> INPUT FOR THIS TASK
++++++++++++++++++++
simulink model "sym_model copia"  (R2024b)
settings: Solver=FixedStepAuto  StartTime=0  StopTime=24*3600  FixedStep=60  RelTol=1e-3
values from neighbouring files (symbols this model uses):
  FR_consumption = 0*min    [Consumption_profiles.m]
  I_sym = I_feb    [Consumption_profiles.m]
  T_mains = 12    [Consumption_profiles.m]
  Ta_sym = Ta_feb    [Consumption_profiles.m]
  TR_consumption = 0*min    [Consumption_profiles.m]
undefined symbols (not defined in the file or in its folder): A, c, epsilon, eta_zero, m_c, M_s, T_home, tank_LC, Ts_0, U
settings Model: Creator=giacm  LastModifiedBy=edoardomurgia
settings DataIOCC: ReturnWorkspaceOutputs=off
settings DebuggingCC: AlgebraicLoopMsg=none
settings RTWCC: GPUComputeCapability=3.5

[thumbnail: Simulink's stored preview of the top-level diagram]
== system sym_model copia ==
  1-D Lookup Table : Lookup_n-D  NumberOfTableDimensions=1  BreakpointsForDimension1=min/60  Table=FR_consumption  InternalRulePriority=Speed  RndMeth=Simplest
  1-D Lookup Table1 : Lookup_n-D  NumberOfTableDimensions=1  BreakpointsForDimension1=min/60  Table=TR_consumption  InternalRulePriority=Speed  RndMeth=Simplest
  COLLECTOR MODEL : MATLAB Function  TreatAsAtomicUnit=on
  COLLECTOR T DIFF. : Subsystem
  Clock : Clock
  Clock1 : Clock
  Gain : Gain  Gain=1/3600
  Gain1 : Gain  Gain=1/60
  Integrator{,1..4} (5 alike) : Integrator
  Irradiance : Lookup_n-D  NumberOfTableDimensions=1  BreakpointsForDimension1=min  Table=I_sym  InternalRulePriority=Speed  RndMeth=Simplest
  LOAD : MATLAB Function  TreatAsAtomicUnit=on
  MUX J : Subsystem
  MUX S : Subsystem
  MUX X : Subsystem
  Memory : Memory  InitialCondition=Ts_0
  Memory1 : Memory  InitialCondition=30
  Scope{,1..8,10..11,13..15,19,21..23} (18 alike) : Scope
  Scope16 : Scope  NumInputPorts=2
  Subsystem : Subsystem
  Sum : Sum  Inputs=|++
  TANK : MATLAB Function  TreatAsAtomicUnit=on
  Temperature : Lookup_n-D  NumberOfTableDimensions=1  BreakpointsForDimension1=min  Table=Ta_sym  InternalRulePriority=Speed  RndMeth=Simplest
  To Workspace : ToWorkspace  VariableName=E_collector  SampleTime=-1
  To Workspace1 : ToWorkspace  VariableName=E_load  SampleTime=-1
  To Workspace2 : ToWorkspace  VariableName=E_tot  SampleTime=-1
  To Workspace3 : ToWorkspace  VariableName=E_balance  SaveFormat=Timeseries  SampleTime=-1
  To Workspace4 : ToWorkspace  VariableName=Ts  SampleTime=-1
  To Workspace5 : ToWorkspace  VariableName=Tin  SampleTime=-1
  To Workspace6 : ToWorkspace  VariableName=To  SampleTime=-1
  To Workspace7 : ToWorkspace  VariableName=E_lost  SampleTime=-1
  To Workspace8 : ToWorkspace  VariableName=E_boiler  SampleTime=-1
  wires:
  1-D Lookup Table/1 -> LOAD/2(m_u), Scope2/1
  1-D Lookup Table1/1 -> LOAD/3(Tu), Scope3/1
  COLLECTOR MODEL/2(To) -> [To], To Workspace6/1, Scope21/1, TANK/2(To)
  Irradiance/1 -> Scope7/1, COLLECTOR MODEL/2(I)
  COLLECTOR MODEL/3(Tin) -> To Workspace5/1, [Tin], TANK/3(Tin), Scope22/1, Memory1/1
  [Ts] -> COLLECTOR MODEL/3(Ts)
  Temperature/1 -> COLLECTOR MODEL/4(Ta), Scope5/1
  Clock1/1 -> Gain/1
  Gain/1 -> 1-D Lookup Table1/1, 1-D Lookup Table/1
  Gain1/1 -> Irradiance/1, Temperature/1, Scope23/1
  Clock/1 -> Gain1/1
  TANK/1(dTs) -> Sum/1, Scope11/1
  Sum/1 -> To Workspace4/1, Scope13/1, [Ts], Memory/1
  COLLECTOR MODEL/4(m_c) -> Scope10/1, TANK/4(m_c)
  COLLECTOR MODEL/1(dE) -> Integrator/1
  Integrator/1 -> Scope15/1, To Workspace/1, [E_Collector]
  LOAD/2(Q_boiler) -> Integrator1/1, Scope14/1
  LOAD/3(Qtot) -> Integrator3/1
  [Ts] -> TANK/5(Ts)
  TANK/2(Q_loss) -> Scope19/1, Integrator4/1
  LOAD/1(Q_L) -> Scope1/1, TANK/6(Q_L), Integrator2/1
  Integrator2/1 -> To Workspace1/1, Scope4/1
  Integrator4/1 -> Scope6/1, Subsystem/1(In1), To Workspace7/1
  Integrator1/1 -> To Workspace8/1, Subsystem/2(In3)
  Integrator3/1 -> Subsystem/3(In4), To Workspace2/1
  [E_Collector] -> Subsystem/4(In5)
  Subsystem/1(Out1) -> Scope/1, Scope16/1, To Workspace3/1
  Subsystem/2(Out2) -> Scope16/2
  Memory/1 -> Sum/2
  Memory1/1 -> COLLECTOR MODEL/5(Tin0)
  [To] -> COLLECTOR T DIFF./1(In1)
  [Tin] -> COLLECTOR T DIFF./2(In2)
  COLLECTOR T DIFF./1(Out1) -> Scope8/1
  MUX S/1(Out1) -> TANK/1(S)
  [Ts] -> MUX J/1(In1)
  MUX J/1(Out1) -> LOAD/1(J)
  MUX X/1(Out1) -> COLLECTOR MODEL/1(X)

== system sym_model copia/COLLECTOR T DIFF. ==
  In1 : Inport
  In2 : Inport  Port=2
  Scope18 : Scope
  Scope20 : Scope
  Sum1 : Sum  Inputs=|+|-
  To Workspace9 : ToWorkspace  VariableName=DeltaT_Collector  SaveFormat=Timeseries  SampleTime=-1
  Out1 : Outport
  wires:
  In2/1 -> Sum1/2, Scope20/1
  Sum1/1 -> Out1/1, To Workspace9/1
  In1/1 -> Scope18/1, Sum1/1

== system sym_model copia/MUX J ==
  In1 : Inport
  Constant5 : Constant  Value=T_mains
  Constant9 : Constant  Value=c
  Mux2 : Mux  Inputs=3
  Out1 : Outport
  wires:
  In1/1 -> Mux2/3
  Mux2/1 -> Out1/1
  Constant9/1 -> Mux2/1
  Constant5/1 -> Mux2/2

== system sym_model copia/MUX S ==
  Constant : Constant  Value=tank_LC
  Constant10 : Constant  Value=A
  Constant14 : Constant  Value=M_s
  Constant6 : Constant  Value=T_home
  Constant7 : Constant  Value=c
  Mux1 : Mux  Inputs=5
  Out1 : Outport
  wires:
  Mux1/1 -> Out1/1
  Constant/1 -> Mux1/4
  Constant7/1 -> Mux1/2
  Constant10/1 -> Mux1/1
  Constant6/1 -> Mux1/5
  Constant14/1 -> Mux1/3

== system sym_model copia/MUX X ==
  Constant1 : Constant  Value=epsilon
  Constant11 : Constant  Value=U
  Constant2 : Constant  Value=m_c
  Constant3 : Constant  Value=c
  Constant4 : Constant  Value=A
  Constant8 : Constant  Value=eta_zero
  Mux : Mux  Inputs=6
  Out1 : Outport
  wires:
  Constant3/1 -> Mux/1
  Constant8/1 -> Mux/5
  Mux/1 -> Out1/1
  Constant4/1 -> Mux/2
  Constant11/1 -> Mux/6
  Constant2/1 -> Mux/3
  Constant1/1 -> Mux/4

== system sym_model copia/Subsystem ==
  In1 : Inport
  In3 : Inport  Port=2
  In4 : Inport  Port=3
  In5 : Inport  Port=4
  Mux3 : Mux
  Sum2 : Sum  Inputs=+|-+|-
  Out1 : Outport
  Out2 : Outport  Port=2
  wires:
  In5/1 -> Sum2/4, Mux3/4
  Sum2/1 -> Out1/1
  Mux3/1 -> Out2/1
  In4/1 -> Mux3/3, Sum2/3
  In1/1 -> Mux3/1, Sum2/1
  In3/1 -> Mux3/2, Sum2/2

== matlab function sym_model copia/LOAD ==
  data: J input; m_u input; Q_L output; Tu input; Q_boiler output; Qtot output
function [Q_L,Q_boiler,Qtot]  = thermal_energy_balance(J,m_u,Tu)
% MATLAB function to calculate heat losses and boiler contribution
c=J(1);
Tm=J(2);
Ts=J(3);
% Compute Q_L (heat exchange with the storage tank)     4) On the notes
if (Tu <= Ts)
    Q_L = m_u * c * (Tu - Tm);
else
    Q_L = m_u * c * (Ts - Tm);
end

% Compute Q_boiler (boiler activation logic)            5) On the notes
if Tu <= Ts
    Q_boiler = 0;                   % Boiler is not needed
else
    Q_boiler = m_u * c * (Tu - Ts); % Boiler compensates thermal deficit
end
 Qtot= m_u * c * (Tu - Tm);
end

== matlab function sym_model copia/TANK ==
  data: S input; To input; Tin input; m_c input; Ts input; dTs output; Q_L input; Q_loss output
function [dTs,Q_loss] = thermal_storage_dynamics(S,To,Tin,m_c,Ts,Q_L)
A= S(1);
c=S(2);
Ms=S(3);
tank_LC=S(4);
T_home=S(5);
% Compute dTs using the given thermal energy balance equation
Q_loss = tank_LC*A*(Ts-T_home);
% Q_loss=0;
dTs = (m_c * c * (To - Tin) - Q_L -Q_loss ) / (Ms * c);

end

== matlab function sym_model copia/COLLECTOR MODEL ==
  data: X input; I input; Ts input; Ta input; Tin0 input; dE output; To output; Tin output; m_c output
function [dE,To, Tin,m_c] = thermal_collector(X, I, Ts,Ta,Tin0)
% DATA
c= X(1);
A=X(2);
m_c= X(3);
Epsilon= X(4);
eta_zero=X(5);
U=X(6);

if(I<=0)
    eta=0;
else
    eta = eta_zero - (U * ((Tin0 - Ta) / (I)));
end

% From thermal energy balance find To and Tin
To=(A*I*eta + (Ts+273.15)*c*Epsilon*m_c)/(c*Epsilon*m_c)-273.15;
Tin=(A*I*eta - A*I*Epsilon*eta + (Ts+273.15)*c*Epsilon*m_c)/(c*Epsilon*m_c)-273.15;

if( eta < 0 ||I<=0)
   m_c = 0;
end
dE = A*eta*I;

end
++++++++++++++++++++
> ACTIVITY
Determine the number of lines in the listing that contain the word "copia", and respond with nothing but that number.

> TASK RESULT
10